▶ **Problem to solve**: Return, word for word, only the lines of the data below that lie between the line with "line L49 (3, 396) -> (3, 388)" and the line with "line L67 (3, 336) -> (3, 328)", those two lines included.

⟨

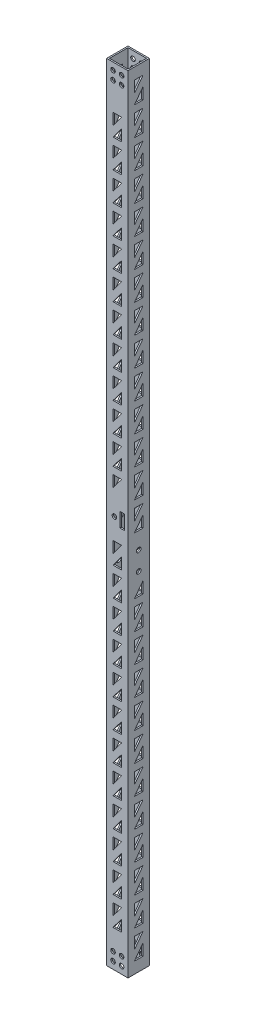
SolidWorks part; units mm, degrees
ref_plane "前视基准面" through (0, 0, 0) normal (0, 0, 1) x (1, 0, 0)
ref_plane "上视基准面" through (0, 0, 0) normal (0, 1, 0) x (1, 0, 0)
ref_plane "右视基准面" through (0, 0, 0) normal (1, 0, 0) x (0, 0, -1)
other "Configuration Table"
sketch "草图1" plane through (0, 0, 0) normal (0, 1, 0) x (1, 0, 0)
  line L1 (6.5, -6.5) -> (-6.5, -6.5)
  line L2 (6.5, -6.5) -> (6.5, 6.5)
  line L3 (6.5, 6.5) -> (-6.5, 6.5)
  line L4 (-6.5, -6.5) -> (-6.5, 6.5)
  line L5 (6.5, -6.5) -> (-6.5, 6.5) construction
  line L6 (6.5, 6.5) -> (-6.5, -6.5) construction
  line L7 (7.5, -7.5) -> (-7.5, -7.5)
  line L8 (7.5, -7.5) -> (7.5, 7.5)
  line L9 (7.5, 7.5) -> (-7.5, 7.5)
  line L10 (-7.5, -7.5) -> (-7.5, 7.5)
  line L11 (7.5, -7.5) -> (-7.5, 7.5) construction
  line L12 (7.5, 7.5) -> (-7.5, -7.5) construction
  point P0 (0, 0)
  point P6 (0, 0)
  dimension "D1" = 13
  dimension "D2" = 15
extrude "凸台-拉伸1" add sketch "草图1" along normal blind 551
sketch "草图2" plane through (0, 0, 7.5) normal (0, 0, 1) x (1, 0, 0)
  line L0 (-7.5, 543) -> (7.5, 543) construction
  line L1 (-7.5, 551) -> (-7.5, 0) construction
  line L2 (7.5, 551) -> (7.5, 0) construction
  line L3 (-7.5, 275.5) -> (7.5, 275.5) construction
  line L4 (-7.5, 551) -> (7.5, 551) construction
  line L5 (0, 549.2213) -> (0, 545.4151) construction
  line L6 (-7.5, 525.5) -> (7.5, 525.5) construction
  line L7 (-7.5, 25.5) -> (7.5, 25.5) construction
  line L8 (-3, 512.5) -> (-3, 520.5)
  line L9 (-3, 520.5) -> (3, 520.5)
  line L10 (3, 520.5) -> (-3, 512.5)
  line L11 (-3, 505.5) -> (3, 505.5)
  line L12 (3, 505.5) -> (3, 513.5)
  line L13 (3, 513.5) -> (-3, 505.5)
  line L14 (3, 500.5) -> (-3, 492.5)
  line L15 (-3, 492.5) -> (-3, 500.5)
  line L16 (-3, 500.5) -> (3, 500.5)
  line L17 (3, 493.5) -> (-3, 485.5)
  line L18 (-3, 485.5) -> (3, 485.5)
  line L19 (3, 485.5) -> (3, 493.5)
  line L20 (3, 480.5) -> (-3, 472.5)
  line L21 (-3, 472.5) -> (-3, 480.5)
  line L22 (-3, 480.5) -> (3, 480.5)
  line L23 (3, 473.5) -> (-3, 465.5)
  line L24 (-3, 465.5) -> (3, 465.5)
  line L25 (3, 465.5) -> (3, 473.5)
  line L26 (3, 460.5) -> (-3, 452.5)
  line L27 (-3, 452.5) -> (-3, 460.5)
  line L28 (-3, 460.5) -> (3, 460.5)
  line L29 (3, 453.5) -> (-3, 445.5)
  line L30 (-3, 445.5) -> (3, 445.5)
  line L31 (3, 445.5) -> (3, 453.5)
  line L32 (3, 440.5) -> (-3, 432.5)
  line L33 (-3, 432.5) -> (-3, 440.5)
  line L34 (-3, 440.5) -> (3, 440.5)
  line L35 (3, 433.5) -> (-3, 425.5)
  line L36 (-3, 425.5) -> (3, 425.5)
  line L37 (3, 425.5) -> (3, 433.5)
  line L38 (3, 420.5) -> (-3, 412.5)
  line L39 (-3, 412.5) -> (-3, 420.5)
  line L40 (-3, 420.5) -> (3, 420.5)
  line L41 (3, 413.5) -> (-3, 405.5)
  line L42 (-3, 405.5) -> (3, 405.5)
  line L43 (3, 405.5) -> (3, 413.5)
  line L44 (3, 400.5) -> (-3, 392.5)
  line L45 (-3, 392.5) -> (-3, 400.5)
  line L46 (-3, 400.5) -> (3, 400.5)
  line L47 (3, 393.5) -> (-3, 385.5)
  line L48 (-3, 385.5) -> (3, 385.5)
  line L49 (3, 385.5) -> (3, 393.5)
  line L50 (3, 380.5) -> (-3, 372.5)
  line L51 (-3, 372.5) -> (-3, 380.5)
  line L52 (-3, 380.5) -> (3, 380.5)
  line L53 (3, 373.5) -> (-3, 365.5)
  line L54 (-3, 365.5) -> (3, 365.5)
  line L55 (3, 365.5) -> (3, 373.5)
  line L56 (3, 360.5) -> (-3, 352.5)
  line L57 (-3, 352.5) -> (-3, 360.5)
  line L58 (-3, 360.5) -> (3, 360.5)
  line L59 (3, 353.5) -> (-3, 345.5)
  line L60 (-3, 345.5) -> (3, 345.5)
  line L61 (3, 345.5) -> (3, 353.5)
  line L62 (3, 340.5) -> (-3, 332.5)
  line L63 (-3, 332.5) -> (-3, 340.5)
  line L64 (-3, 340.5) -> (3, 340.5)
  line L65 (3, 333.5) -> (-3, 325.5)
  line L66 (-3, 325.5) -> (3, 325.5)
  line L67 (3, 325.5) -> (3, 333.5)
  line L68 (3, 320.5) -> (-3, 312.5)
  line L69 (-3, 312.5) -> (-3, 320.5)
  line L70 (-3, 320.5) -> (3, 320.5)
  line L71 (3, 313.5) -> (-3, 305.5)
  line L72 (-3, 305.5) -> (3, 305.5)
  line L73 (3, 305.5) -> (3, 313.5)
  line L74 (3, 300.5) -> (-3, 292.5)
  line L75 (-3, 292.5) -> (-3, 300.5)
  line L76 (-3, 300.5) -> (3, 300.5)
  line L95 (3, 233.5) -> (-3, 225.5)
  line L96 (-3, 225.5) -> (3, 225.5)
  line L97 (3, 225.5) -> (3, 233.5)
  line L98 (3, 220.5) -> (-3, 212.5)
  line L99 (-3, 212.5) -> (-3, 220.5)
  line L100 (-3, 220.5) -> (3, 220.5)
  line L101 (3, 213.5) -> (-3, 205.5)
  line L102 (-3, 205.5) -> (3, 205.5)
  line L103 (3, 205.5) -> (3, 213.5)
  line L104 (3, 200.5) -> (-3, 192.5)
  line L105 (-3, 192.5) -> (-3, 200.5)
  line L106 (-3, 200.5) -> (3, 200.5)
  line L107 (3, 193.5) -> (-3, 185.5)
  line L108 (-3, 185.5) -> (3, 185.5)
  line L109 (3, 185.5) -> (3, 193.5)
  line L110 (3, 180.5) -> (-3, 172.5)
  line L111 (-3, 172.5) -> (-3, 180.5)
  line L112 (-3, 180.5) -> (3, 180.5)
  line L113 (3, 173.5) -> (-3, 165.5)
  line L114 (-3, 165.5) -> (3, 165.5)
  line L115 (3, 165.5) -> (3, 173.5)
  line L116 (3, 160.5) -> (-3, 152.5)
  line L117 (-3, 152.5) -> (-3, 160.5)
  line L118 (-3, 160.5) -> (3, 160.5)
  line L119 (3, 153.5) -> (-3, 145.5)
  line L120 (-3, 145.5) -> (3, 145.5)
  line L121 (3, 145.5) -> (3, 153.5)
  line L122 (3, 140.5) -> (-3, 132.5)
  line L123 (-3, 132.5) -> (-3, 140.5)
  line L124 (-3, 140.5) -> (3, 140.5)
  line L125 (3, 133.5) -> (-3, 125.5)
  line L126 (-3, 125.5) -> (3, 125.5)
  line L127 (3, 125.5) -> (3, 133.5)
  line L128 (3, 120.5) -> (-3, 112.5)
  line L129 (-3, 112.5) -> (-3, 120.5)
  line L130 (-3, 120.5) -> (3, 120.5)
  line L131 (3, 113.5) -> (-3, 105.5)
  line L132 (-3, 105.5) -> (3, 105.5)
  line L133 (3, 105.5) -> (3, 113.5)
  line L134 (3, 100.5) -> (-3, 92.5)
  line L135 (-3, 92.5) -> (-3, 100.5)
  line L136 (-3, 100.5) -> (3, 100.5)
  line L137 (3, 93.5) -> (-3, 85.5)
  line L138 (-3, 85.5) -> (3, 85.5)
  line L139 (3, 85.5) -> (3, 93.5)
  line L140 (3, 80.5) -> (-3, 72.5)
  line L141 (-3, 72.5) -> (-3, 80.5)
  line L142 (-3, 80.5) -> (3, 80.5)
  line L143 (3, 73.5) -> (-3, 65.5)
  line L144 (-3, 65.5) -> (3, 65.5)
  line L145 (3, 65.5) -> (3, 73.5)
  line L146 (3, 60.5) -> (-3, 52.5)
  line L147 (-3, 52.5) -> (-3, 60.5)
  line L148 (-3, 60.5) -> (3, 60.5)
  line L149 (3, 53.5) -> (-3, 45.5)
  line L150 (-3, 45.5) -> (3, 45.5)
  line L151 (3, 45.5) -> (3, 53.5)
  line L152 (3, 40.5) -> (-3, 32.5)
  line L153 (-3, 32.5) -> (-3, 40.5)
  line L154 (-3, 40.5) -> (3, 40.5)
  line L155 (3, 33.5) -> (-3, 25.5)
  line L156 (-3, 25.5) -> (3, 25.5)
  line L157 (3, 25.5) -> (3, 33.5)
  line L158 (3, 253.5) -> (-3, 245.5) [skipped]
  line L159 (3, 245.5) -> (3, 253.5) [skipped]
  line L160 (-3, 245.5) -> (3, 245.5) [skipped]
  line L161 (-3, 252.5) -> (-3, 260.5) [skipped]
  line L162 (-3, 260.5) -> (3, 260.5) [skipped]
  line L163 (3, 260.5) -> (-3, 252.5) [skipped]
  line L164 (-3, 232.5) -> (-3, 240.5) [skipped]
  line L165 (-3, 240.5) -> (3, 240.5) [skipped]
  line L166 (3, 240.5) -> (-3, 232.5) [skipped]
  line L167 (3, 260.5) -> (-3, 252.5)
  line L168 (-3, 252.5) -> (-3, 260.5)
  line L169 (-3, 260.5) -> (3, 260.5)
  line L170 (3, 240.5) -> (-3, 232.5)
  line L171 (-3, 232.5) -> (-3, 240.5)
  line L172 (-3, 240.5) -> (3, 240.5)
  line L173 (3, 253.5) -> (-3, 245.5)
  line L174 (-3, 245.5) -> (3, 245.5)
  line L175 (3, 245.5) -> (3, 253.5)
  line L176 (3, 280.5) -> (-3, 272.5) [skipped]
  line L177 (-3, 272.5) -> (-3, 280.5) [skipped]
  line L178 (-3, 280.5) -> (3, 280.5) [skipped]
  line L179 (3, 293.5) -> (-3, 285.5) [skipped]
  line L180 (-3, 285.5) -> (3, 285.5) [skipped]
  line L181 (3, 285.5) -> (3, 293.5) [skipped]
  line L182 (3, 273.5) -> (-3, 265.5) [skipped]
  line L183 (-3, 265.5) -> (3, 265.5) [skipped]
  line L184 (3, 265.5) -> (3, 273.5) [skipped]
  line L186 (1.95, 270.45) -> (5.05, 270.45)
  line L187 (1.95, 270.45) -> (1.95, 280.55)
  line L188 (1.95, 280.55) -> (5.05, 280.55)
  line L189 (5.05, 270.45) -> (5.05, 280.55)
  line L190 (1.95, 270.45) -> (5.05, 280.55) construction
  line L191 (1.95, 280.55) -> (5.05, 270.45) construction
  circle A0 centre (-3, 546) radius 1.6
  circle A1 centre (3, 546) radius 1.6
  circle A2 centre (-3, 540) radius 1.6
  circle A3 centre (3, 540) radius 1.6
  circle A4 centre (3, 11) radius 1.6
  circle A5 centre (-3, 11) radius 1.6
  circle A6 centre (3, 5) radius 1.6
  circle A7 centre (-3, 5) radius 1.6
  circle A8 centre (-2, 275.5) radius 1.6
  point P109 (0, 275.5)
  point P110 (3.5, 275.5)
  point P115 (0, 0)
  point P116 (0, 0)
  dimension "D2" = 3.2
  dimension "D6" = 3.2
  dimension "D1" = 8
  dimension "D3" = 6
  dimension "D4" = 6
  dimension "D5" = 25.5
  dimension "D7" = 2
  dimension "D8" = 3.1
  dimension "D9" = 6
  dimension "D10" = 8
  dimension "D11" = 5
  dimension "D12" = 8
  dimension "D13" = 6
  dimension "D14" = 15
  dimension "D16" = 1.95
  dimension "D17" = 10.1
  dimension "D15" = 25
extrude "切除-拉伸1" cut sketch "草图2" against normal up to surface (15 mm away) up to face at (0, 275.5, -7.5)
sketch "草图4" plane through (7.5, 0, 0) normal (1, 0, 0) x (0, 0, -1)
  line L0 (0, 279.6032) -> (0, 248.1841) construction
  line L1 (-7.5, 551) -> (7.5, 551) construction
  line L2 (-3, 543) -> (3, 543)
  line L3 (3, 543) -> (-3, 535)
  line L4 (-3, 535) -> (-3, 543)
  line L5 (-3, 528) -> (3, 536)
  line L6 (3, 536) -> (3, 528)
  line L7 (3, 528) -> (-3, 528)
  line L8 (-3, 515) -> (-3, 523)
  line L9 (-3, 523) -> (3, 523)
  line L10 (3, 523) -> (-3, 515)
  line L11 (3, 508) -> (-3, 508)
  line L12 (-3, 508) -> (3, 516)
  line L13 (3, 516) -> (3, 508)
  line L14 (-3, 495) -> (-3, 503)
  line L15 (-3, 503) -> (3, 503)
  line L16 (3, 503) -> (-3, 495)
  line L17 (3, 488) -> (-3, 488)
  line L18 (-3, 488) -> (3, 496)
  line L19 (3, 496) -> (3, 488)
  line L20 (-3, 475) -> (-3, 483)
  line L21 (-3, 483) -> (3, 483)
  line L22 (3, 483) -> (-3, 475)
  line L23 (3, 468) -> (-3, 468)
  line L24 (-3, 468) -> (3, 476)
  line L25 (3, 476) -> (3, 468)
  line L26 (-3, 455) -> (-3, 463)
  line L27 (-3, 463) -> (3, 463)
  line L28 (3, 463) -> (-3, 455)
  line L29 (3, 448) -> (-3, 448)
  line L30 (-3, 448) -> (3, 456)
  line L31 (3, 456) -> (3, 448)
  line L32 (-3, 435) -> (-3, 443)
  line L33 (-3, 443) -> (3, 443)
  line L34 (3, 443) -> (-3, 435)
  line L35 (3, 428) -> (-3, 428)
  line L36 (-3, 428) -> (3, 436)
  line L37 (3, 436) -> (3, 428)
  line L38 (-3, 415) -> (-3, 423)
  line L39 (-3, 423) -> (3, 423)
  line L40 (3, 423) -> (-3, 415)
  line L41 (3, 408) -> (-3, 408)
  line L42 (-3, 408) -> (3, 416)
  line L43 (3, 416) -> (3, 408)
  line L44 (-3, 395) -> (-3, 403)
  line L45 (-3, 403) -> (3, 403)
  line L46 (3, 403) -> (-3, 395)
  line L47 (3, 388) -> (-3, 388)
  line L48 (-3, 388) -> (3, 396)
  line L49 (3, 396) -> (3, 388)
  line L50 (-3, 375) -> (-3, 383)
  line L51 (-3, 383) -> (3, 383)
  line L52 (3, 383) -> (-3, 375)
  line L53 (3, 368) -> (-3, 368)
  line L54 (-3, 368) -> (3, 376)
  line L55 (3, 376) -> (3, 368)
  line L56 (-3, 355) -> (-3, 363)
  line L57 (-3, 363) -> (3, 363)
  line L58 (3, 363) -> (-3, 355)
  line L59 (3, 348) -> (-3, 348)
  line L60 (-3, 348) -> (3, 356)
  line L61 (3, 356) -> (3, 348)
  line L62 (-3, 335) -> (-3, 343)
  line L63 (-3, 343) -> (3, 343)
  line L64 (3, 343) -> (-3, 335)
  line L65 (3, 328) -> (-3, 328)
  line L66 (-3, 328) -> (3, 336)
  line L67 (3, 336) -> (3, 328)
  line L68 (-3, 315) -> (-3, 323)
  line L69 (-3, 323) -> (3, 323)
  line L70 (3, 323) -> (-3, 315)
  line L71 (3, 308) -> (-3, 308)
  line L72 (-3, 308) -> (3, 316)
  line L73 (3, 316) -> (3, 308)
  line L74 (-3, 295) -> (-3, 303)
  line L75 (-3, 303) -> (3, 303)
  line L76 (3, 303) -> (-3, 295)
  line L77 (3, 288) -> (-3, 288)
  line L78 (-3, 288) -> (3, 296)
  line L79 (3, 296) -> (3, 288)
  line L80 (-3, 275) -> (-3, 283)
  line L81 (-3, 283) -> (3, 283)
  line L82 (3, 283) -> (-3, 275)
  line L83 (3, 268) -> (-3, 268)
  line L84 (-3, 268) -> (3, 276)
  line L85 (3, 276) -> (3, 268)
  line L95 (3, 228) -> (-3, 228)
  line L96 (-3, 228) -> (3, 236)
  line L97 (3, 236) -> (3, 228)
  line L98 (-3, 215) -> (-3, 223)
  line L99 (-3, 223) -> (3, 223)
  line L100 (3, 223) -> (-3, 215)
  line L101 (3, 208) -> (-3, 208)
  line L102 (-3, 208) -> (3, 216)
  line L103 (3, 216) -> (3, 208)
  line L104 (-3, 195) -> (-3, 203)
  line L105 (-3, 203) -> (3, 203)
  line L106 (3, 203) -> (-3, 195)
  line L107 (3, 188) -> (-3, 188)
  line L108 (-3, 188) -> (3, 196)
  line L109 (3, 196) -> (3, 188)
  line L110 (-3, 175) -> (-3, 183)
  line L111 (-3, 183) -> (3, 183)
  line L112 (3, 183) -> (-3, 175)
  line L113 (3, 168) -> (-3, 168)
  line L114 (-3, 168) -> (3, 176)
  line L115 (3, 176) -> (3, 168)
  line L116 (-3, 155) -> (-3, 163)
  line L117 (-3, 163) -> (3, 163)
  line L118 (3, 163) -> (-3, 155)
  line L119 (3, 148) -> (-3, 148)
  line L120 (-3, 148) -> (3, 156)
  line L121 (3, 156) -> (3, 148)
  line L122 (-3, 135) -> (-3, 143)
  line L123 (-3, 143) -> (3, 143)
  line L124 (3, 143) -> (-3, 135)
  line L125 (3, 128) -> (-3, 128)
  line L126 (-3, 128) -> (3, 136)
  line L127 (3, 136) -> (3, 128)
  line L128 (-3, 115) -> (-3, 123)
  line L129 (-3, 123) -> (3, 123)
  line L130 (3, 123) -> (-3, 115)
  line L131 (3, 108) -> (-3, 108)
  line L132 (-3, 108) -> (3, 116)
  line L133 (3, 116) -> (3, 108)
  line L134 (-3, 95) -> (-3, 103)
  line L135 (-3, 103) -> (3, 103)
  line L136 (3, 103) -> (-3, 95)
  line L137 (3, 88) -> (-3, 88)
  line L138 (-3, 88) -> (3, 96)
  line L139 (3, 96) -> (3, 88)
  line L140 (-3, 75) -> (-3, 83)
  line L141 (-3, 83) -> (3, 83)
  line L142 (3, 83) -> (-3, 75)
  line L143 (3, 68) -> (-3, 68)
  line L144 (-3, 68) -> (3, 76)
  line L145 (3, 76) -> (3, 68)
  line L146 (-3, 55) -> (-3, 63)
  line L147 (-3, 63) -> (3, 63)
  line L148 (3, 63) -> (-3, 55)
  line L149 (3, 48) -> (-3, 48)
  line L150 (-3, 48) -> (3, 56)
  line L151 (3, 56) -> (3, 48)
  line L152 (-3, 35) -> (-3, 43)
  line L153 (-3, 43) -> (3, 43)
  line L154 (3, 43) -> (-3, 35)
  line L155 (3, 28) -> (-3, 28)
  line L156 (-3, 28) -> (3, 36)
  line L157 (3, 36) -> (3, 28)
  line L158 (-3, 15) -> (-3, 23)
  line L159 (-3, 23) -> (3, 23)
  line L160 (3, 23) -> (-3, 15)
  line L161 (3, 8) -> (-3, 8)
  line L162 (-3, 8) -> (3, 16)
  line L163 (3, 16) -> (3, 8)
  line L166 (-3, 255) -> (-3, 263) [skipped]
  line L167 (-3, 263) -> (3, 263) [skipped]
  line L168 (3, 263) -> (-3, 255) [skipped]
  line L169 (-3, 248) -> (3, 256) [skipped]
  line L170 (3, 256) -> (3, 248) [skipped]
  line L171 (3, 248) -> (-3, 248) [skipped]
  line L172 (-3, 243) -> (3, 243) [skipped]
  line L173 (3, 243) -> (-3, 235) [skipped]
  line L174 (-3, 235) -> (-3, 243) [skipped]
  circle A0 centre (0, 256.2) radius 1.6
  circle A1 centre (0, 243.2) radius 1.6
  point P14 (0, 528)
  dimension "D1" = 3.2
  dimension "D2" = 294.8
  dimension "D3" = 13
  dimension "D4" = 3
  dimension "D5" = 3
  dimension "D6" = 8
  dimension "D7" = 8
  dimension "D8" = 6
  dimension "D9" = 8
  dimension "D10" = 15
  dimension "D11" = 3
  dimension "D12" = 27
extrude "切除-拉伸2" cut sketch "草图4" against normal up to surface (15 mm away) up to face at (-7.5, 275.5, 0)

⟩

▶ **Response box**:
  line L49 (3, 396) -> (3, 388)
  line L50 (-3, 375) -> (-3, 383)
  line L51 (-3, 383) -> (3, 383)
  line L52 (3, 383) -> (-3, 375)
  line L53 (3, 368) -> (-3, 368)
  line L54 (-3, 368) -> (3, 376)
  line L55 (3, 376) -> (3, 368)
  line L56 (-3, 355) -> (-3, 363)
  line L57 (-3, 363) -> (3, 363)
  line L58 (3, 363) -> (-3, 355)
  line L59 (3, 348) -> (-3, 348)
  line L60 (-3, 348) -> (3, 356)
  line L61 (3, 356) -> (3, 348)
  line L62 (-3, 335) -> (-3, 343)
  line L63 (-3, 343) -> (3, 343)
  line L64 (3, 343) -> (-3, 335)
  line L65 (3, 328) -> (-3, 328)
  line L66 (-3, 328) -> (3, 336)
  line L67 (3, 336) -> (3, 328)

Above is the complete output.